### THE PROBLEM
Given the material below, return only the lines starting at the line with "doc.units = ezdxf.units.IN" and ending at the line with "layer by layer", exactly as they appear.
═══ EXTRACTED INFORMATION ═══
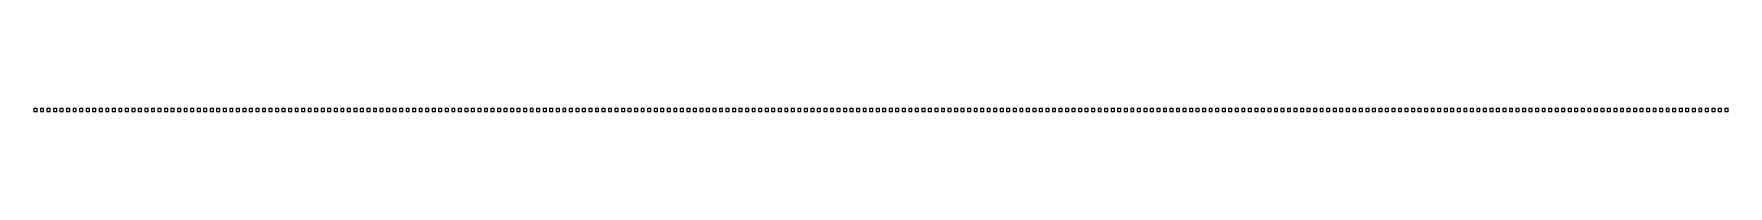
# Model space of a CAD drawing. Header units: inches. Extents: x 741154 to 810950, y 213785 to 295527.
# Drawn here: x 750025 to 751582, y 260088 to 260091 of the extents above; entities that cross this region are included whole.
import ezdxf

# ---------------------------------------------------------------- set-up
doc = ezdxf.new("R2010")
doc.units = ezdxf.units.IN
doc.header["$MEASUREMENT"] = 0

msp = doc.modelspace()

# ---------------------------------------------------------------- linework, layer by layer
for points in [[(750025.1, 260088.3), (750028.1, 260088.3), (750028.1, 260091.3), (750025.1, 260091.3)], [(750031.1, 260088.3), (750034.1, 260088.3), (750034.1, 260091.3), (750031.1, 260091.3)], [(750037.1, 260088.3), (750040.1, 260088.3), (750040.1, 260091.3), (750037.1, 260091.3)], [(750043.1, 260088.3), (750046.1, 260088.3), (750046.1, 260091.3), (750043.1, 260091.3)], [(750049.1, 260088.3), (750052.1, 260088.3), (750052.1, 260091.3), (750049.1, 260091.3)], [(750055.1, 260088.3), (750058.1, 260088.3), (750058.1, 260091.3), (750055.1, 260091.3)], [(750061.1, 260088.3), (750064.1, 260088.3), (750064.1, 260091.3), (750061.1, 260091.3)], [(750067.1, 260088.3), (750070.1, 260088.3), (750070.1, 260091.3), (750067.1, 260091.3)], [(750073.1, 260088.3), (750076.1, 260088.3), (750076.1, 260091.3), (750073.1, 260091.3)], [(750079.1, 260088.3), (750082.1, 260088.3), (750082.1, 260091.3), (750079.1, 260091.3)], [(750085.1, 260088.3), (750088.1, 260088.3), (750088.1, 260091.3), (750085.1, 260091.3)], [(750091.1, 260088.3), (750094.1, 260088.3), (750094.1, 260091.3), (750091.1, 260091.3)], [(750097.1, 260088.3), (750100.1, 260088.3), (750100.1, 260091.3), (750097.1, 260091.3)], [(750103.1, 260088.3), (750106.1, 260088.3), (750106.1, 260091.3), (750103.1, 260091.3)], [(750109.1, 260088.3), (750112.1, 260088.3), (750112.1, 260091.3), (750109.1, 260091.3)], [(750115.1, 260088.3), (750118.1, 260088.3), (750118.1, 260091.3), (750115.1, 260091.3)], [(750121.1, 260088.3), (750124.1, 260088.3), (750124.1, 260091.3), (750121.1, 260091.3)], [(750127.1, 260088.3), (750130.1, 260088.3), (750130.1, 260091.3), (750127.1, 260091.3)], [(750133.1, 260088.3), (750136.1, 260088.3), (750136.1, 260091.3), (750133.1, 260091.3)], [(750139.1, 260088.3), (750142.1, 260088.3), (750142.1, 260091.3), (750139.1, 260091.3)], [(750145.1, 260088.3), (750148.1, 260088.3), (750148.1, 260091.3), (750145.1, 260091.3)], [(750151.1, 260088.3), (750154.1, 260088.3), (750154.1, 260091.3), (750151.1, 260091.3)], [(750157.1, 260088.3), (750160.1, 260088.3), (750160.1, 260091.3), (750157.1, 260091.3)], [(750163.1, 260088.3), (750166.1, 260088.3), (750166.1, 260091.3), (750163.1, 260091.3)], [(750169.1, 260088.3), (750172.1, 260088.3), (750172.1, 260091.3), (750169.1, 260091.3)], [(750175.1, 260088.3), (750178.1, 260088.3), (750178.1, 260091.3), (750175.1, 260091.3)], [(750181.1, 260088.3), (750184.1, 260088.3), (750184.1, 260091.3), (750181.1, 260091.3)], [(750187.1, 260088.3), (750190.1, 260088.3), (750190.1, 260091.3), (750187.1, 260091.3)], [(750193.1, 260088.3), (750196.1, 260088.3), (750196.1, 260091.3), (750193.1, 260091.3)], [(750199.1, 260088.3), (750202.1, 260088.3), (750202.1, 260091.3), (750199.1, 260091.3)], [(750205.1, 260088.3), (750208.1, 260088.3), (750208.1, 260091.3), (750205.1, 260091.3)], [(750211.1, 260088.3), (750214.1, 260088.3), (750214.1, 260091.3), (750211.1, 260091.3)], [(750217.1, 260088.3), (750220.1, 260088.3), (750220.1, 260091.3), (750217.1, 260091.3)], [(750223.1, 260088.3), (750226.1, 260088.3), (750226.1, 260091.3), (750223.1, 260091.3)], [(750229.1, 260088.3), (750232.1, 260088.3), (750232.1, 260091.3), (750229.1, 260091.3)], [(750235.1, 260088.3), (750238.1, 260088.3), (750238.1, 260091.3), (750235.1, 260091.3)], [(750241.1, 260088.3), (750244.1, 260088.3), (750244.1, 260091.3), (750241.1, 260091.3)], [(750247.1, 260088.3), (750250.1, 260088.3), (750250.1, 260091.3), (750247.1, 260091.3)], [(750253.1, 260088.3), (750256.1, 260088.3), (750256.1, 260091.3), (750253.1, 260091.3)], [(750259.1, 260088.3), (750262.1, 260088.3), (750262.1, 260091.3), (750259.1, 260091.3)], [(750265.1, 260088.3), (750268.1, 260088.3), (750268.1, 260091.3), (750265.1, 260091.3)], [(750271.1, 260088.3), (750274.1, 260088.3), (750274.1, 260091.3), (750271.1, 260091.3)], [(750277.1, 260088.3), (750280.1, 260088.3), (750280.1, 260091.3), (750277.1, 260091.3)], [(750283.1, 260088.3), (750286.1, 260088.3), (750286.1, 260091.3), (750283.1, 260091.3)], [(750289.1, 260088.3), (750292.1, 260088.3), (750292.1, 260091.3), (750289.1, 260091.3)], [(750295.1, 260088.3), (750298.1, 260088.3), (750298.1, 260091.3), (750295.1, 260091.3)], [(750301.1, 260088.3), (750304.1, 260088.3), (750304.1, 260091.3), (750301.1, 260091.3)], [(750307.1, 260088.3), (750310.1, 260088.3), (750310.1, 260091.3), (750307.1, 260091.3)], [(750313.1, 260088.3), (750316.1, 260088.3), (750316.1, 260091.3), (750313.1, 260091.3)], [(750319.1, 260088.3), (750322.1, 260088.3), (750322.1, 260091.3), (750319.1, 260091.3)], [(750325.1, 260088.3), (750328.1, 260088.3), (750328.1, 260091.3), (750325.1, 260091.3)], [(750331.1, 260088.3), (750334.1, 260088.3), (750334.1, 260091.3), (750331.1, 260091.3)], [(750337.1, 260088.3), (750340.1, 260088.3), (750340.1, 260091.3), (750337.1, 260091.3)], [(750343.1, 260088.3), (750346.1, 260088.3), (750346.1, 260091.3), (750343.1, 260091.3)], [(750349.1, 260088.3), (750352.1, 260088.3), (750352.1, 260091.3), (750349.1, 260091.3)], [(750355.1, 260088.3), (750358.1, 260088.3), (750358.1, 260091.3), (750355.1, 260091.3)], [(750361.1, 260088.3), (750364.1, 260088.3), (750364.1, 260091.3), (750361.1, 260091.3)], [(750367.1, 260088.3), (750370.1, 260088.3), (750370.1, 260091.3), (750367.1, 260091.3)], [(750373.1, 260088.3), (750376.1, 260088.3), (750376.1, 260091.3), (750373.1, 260091.3)], [(750379.1, 260088.3), (750382.1, 260088.3), (750382.1, 260091.3), (750379.1, 260091.3)], [(750385.1, 260088.3), (750388.1, 260088.3), (750388.1, 260091.3), (750385.1, 260091.3)], [(750391.1, 260088.3), (750394.1, 260088.3), (750394.1, 260091.3), (750391.1, 260091.3)], [(750397.1, 260088.3), (750400.1, 260088.3), (750400.1, 260091.3), (750397.1, 260091.3)], [(750403.1, 260088.3), (750406.1, 260088.3), (750406.1, 260091.3), (750403.1, 260091.3)], [(750409.1, 260088.3), (750412.1, 260088.3), (750412.1, 260091.3), (750409.1, 260091.3)], [(750415.1, 260088.3), (750418.1, 260088.3), (750418.1, 260091.3), (750415.1, 260091.3)], [(750421.1, 260088.3), (750424.1, 260088.3), (750424.1, 260091.3), (750421.1, 260091.3)], [(750427.1, 260088.3), (750430.1, 260088.3), (750430.1, 260091.3), (750427.1, 260091.3)], [(750433.1, 260088.3), (750436.1, 260088.3), (750436.1, 260091.3), (750433.1, 260091.3)], [(750439.1, 260088.3), (750442.1, 260088.3), (750442.1, 260091.3), (750439.1, 260091.3)], [(750445.1, 260088.3), (750448.1, 260088.3), (750448.1, 260091.3), (750445.1, 260091.3)], [(750451.1, 260088.3), (750454.1, 260088.3), (750454.1, 260091.3), (750451.1, 260091.3)], [(750457.1, 260088.3), (750460.1, 260088.3), (750460.1, 260091.3), (750457.1, 260091.3)], [(750463.1, 260088.3), (750466.1, 260088.3), (750466.1, 260091.3), (750463.1, 260091.3)], [(750469.1, 260088.3), (750472.1, 260088.3), (750472.1, 260091.3), (750469.1, 260091.3)], [(750475.1, 260088.3), (750478.1, 260088.3), (750478.1, 260091.3), (750475.1, 260091.3)], [(750481.1, 260088.3), (750484.1, 260088.3), (750484.1, 260091.3), (750481.1, 260091.3)], [(750487.1, 260088.3), (750490.1, 260088.3), (750490.1, 260091.3), (750487.1, 260091.3)], [(750493.1, 260088.3), (750496.1, 260088.3), (750496.1, 260091.3), (750493.1, 260091.3)], [(750499.1, 260088.3), (750502.1, 260088.3), (750502.1, 260091.3), (750499.1, 260091.3)], [(750505.1, 260088.3), (750508.1, 260088.3), (750508.1, 260091.3), (750505.1, 260091.3)], [(750511.1, 260088.3), (750514.1, 260088.3), (750514.1, 260091.3), (750511.1, 260091.3)], [(750517.1, 260088.3), (750520.1, 260088.3), (750520.1, 260091.3), (750517.1, 260091.3)], [(750523.1, 260088.3), (750526.1, 260088.3), (750526.1, 260091.3), (750523.1, 260091.3)], [(750529.1, 260088.3), (750532.1, 260088.3), (750532.1, 260091.3), (750529.1, 260091.3)], [(750535.1, 260088.3), (750538.1, 260088.3), (750538.1, 260091.3), (750535.1, 260091.3)], [(750541.1, 260088.3), (750544.1, 260088.3), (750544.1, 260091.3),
═══
### EXPECTED ANSWER
doc.units = ezdxf.units.IN
doc.header["$MEASUREMENT"] = 0

msp = doc.modelspace()

# ---------------------------------------------------------------- linework, layer by layer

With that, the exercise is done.